Stored items from a collection:
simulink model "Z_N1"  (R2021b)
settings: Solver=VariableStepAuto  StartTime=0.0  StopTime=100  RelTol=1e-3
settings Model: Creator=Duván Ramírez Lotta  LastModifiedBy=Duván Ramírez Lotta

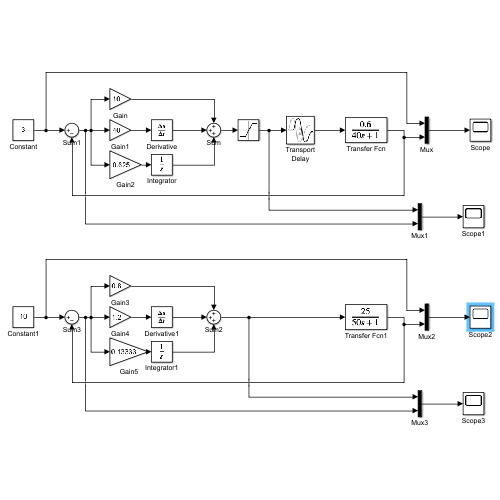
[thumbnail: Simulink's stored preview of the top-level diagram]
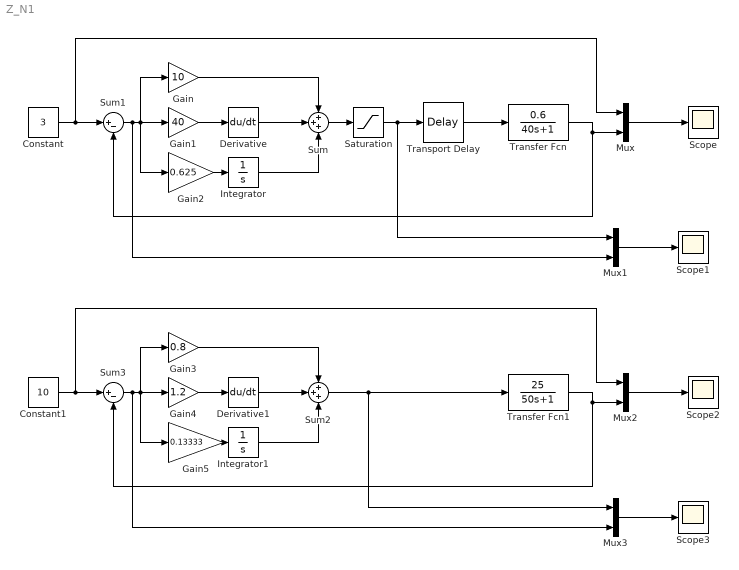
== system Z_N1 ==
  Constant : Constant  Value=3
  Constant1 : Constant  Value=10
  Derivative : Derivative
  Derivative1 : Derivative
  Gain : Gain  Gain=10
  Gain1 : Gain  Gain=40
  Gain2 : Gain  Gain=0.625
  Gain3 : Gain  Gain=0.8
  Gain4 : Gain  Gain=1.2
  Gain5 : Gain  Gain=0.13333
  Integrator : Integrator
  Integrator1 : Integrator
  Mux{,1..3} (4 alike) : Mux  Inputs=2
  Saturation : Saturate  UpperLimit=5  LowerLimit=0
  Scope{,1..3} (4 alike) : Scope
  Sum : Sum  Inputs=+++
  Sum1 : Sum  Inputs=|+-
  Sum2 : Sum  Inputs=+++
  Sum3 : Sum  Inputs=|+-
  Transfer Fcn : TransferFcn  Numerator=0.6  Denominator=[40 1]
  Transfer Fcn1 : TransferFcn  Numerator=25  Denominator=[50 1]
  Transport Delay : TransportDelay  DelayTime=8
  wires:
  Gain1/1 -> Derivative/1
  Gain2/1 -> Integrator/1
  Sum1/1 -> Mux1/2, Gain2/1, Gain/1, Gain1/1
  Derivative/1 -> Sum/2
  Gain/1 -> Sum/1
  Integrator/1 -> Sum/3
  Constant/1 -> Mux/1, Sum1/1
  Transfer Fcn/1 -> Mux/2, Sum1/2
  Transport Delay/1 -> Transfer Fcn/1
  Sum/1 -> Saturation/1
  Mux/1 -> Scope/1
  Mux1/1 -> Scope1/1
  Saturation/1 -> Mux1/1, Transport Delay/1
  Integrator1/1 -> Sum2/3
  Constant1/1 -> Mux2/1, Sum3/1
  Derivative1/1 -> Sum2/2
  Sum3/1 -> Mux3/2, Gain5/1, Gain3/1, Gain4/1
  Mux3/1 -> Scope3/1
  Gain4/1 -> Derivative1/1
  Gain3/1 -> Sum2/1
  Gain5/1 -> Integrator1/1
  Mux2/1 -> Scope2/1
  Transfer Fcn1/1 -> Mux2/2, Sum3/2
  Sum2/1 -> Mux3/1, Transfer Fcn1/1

Exercise description: Reproduce only the lines from the beginning of the data through the line that contains "alike) : Mux", both included, and please drop the pictures.

Reply:
simulink model "Z_N1"  (R2021b)
settings: Solver=VariableStepAuto  StartTime=0.0  StopTime=100  RelTol=1e-3
settings Model: Creator=Duván Ramírez Lotta  LastModifiedBy=Duván Ramírez Lotta

[thumbnail: Simulink's stored preview of the top-level diagram]
== system Z_N1 ==
  Constant : Constant  Value=3
  Constant1 : Constant  Value=10
  Derivative : Derivative
  Derivative1 : Derivative
  Gain : Gain  Gain=10
  Gain1 : Gain  Gain=40
  Gain2 : Gain  Gain=0.625
  Gain3 : Gain  Gain=0.8
  Gain4 : Gain  Gain=1.2
  Gain5 : Gain  Gain=0.13333
  Integrator : Integrator
  Integrator1 : Integrator
  Mux{,1..3} (4 alike) : Mux  Inputs=2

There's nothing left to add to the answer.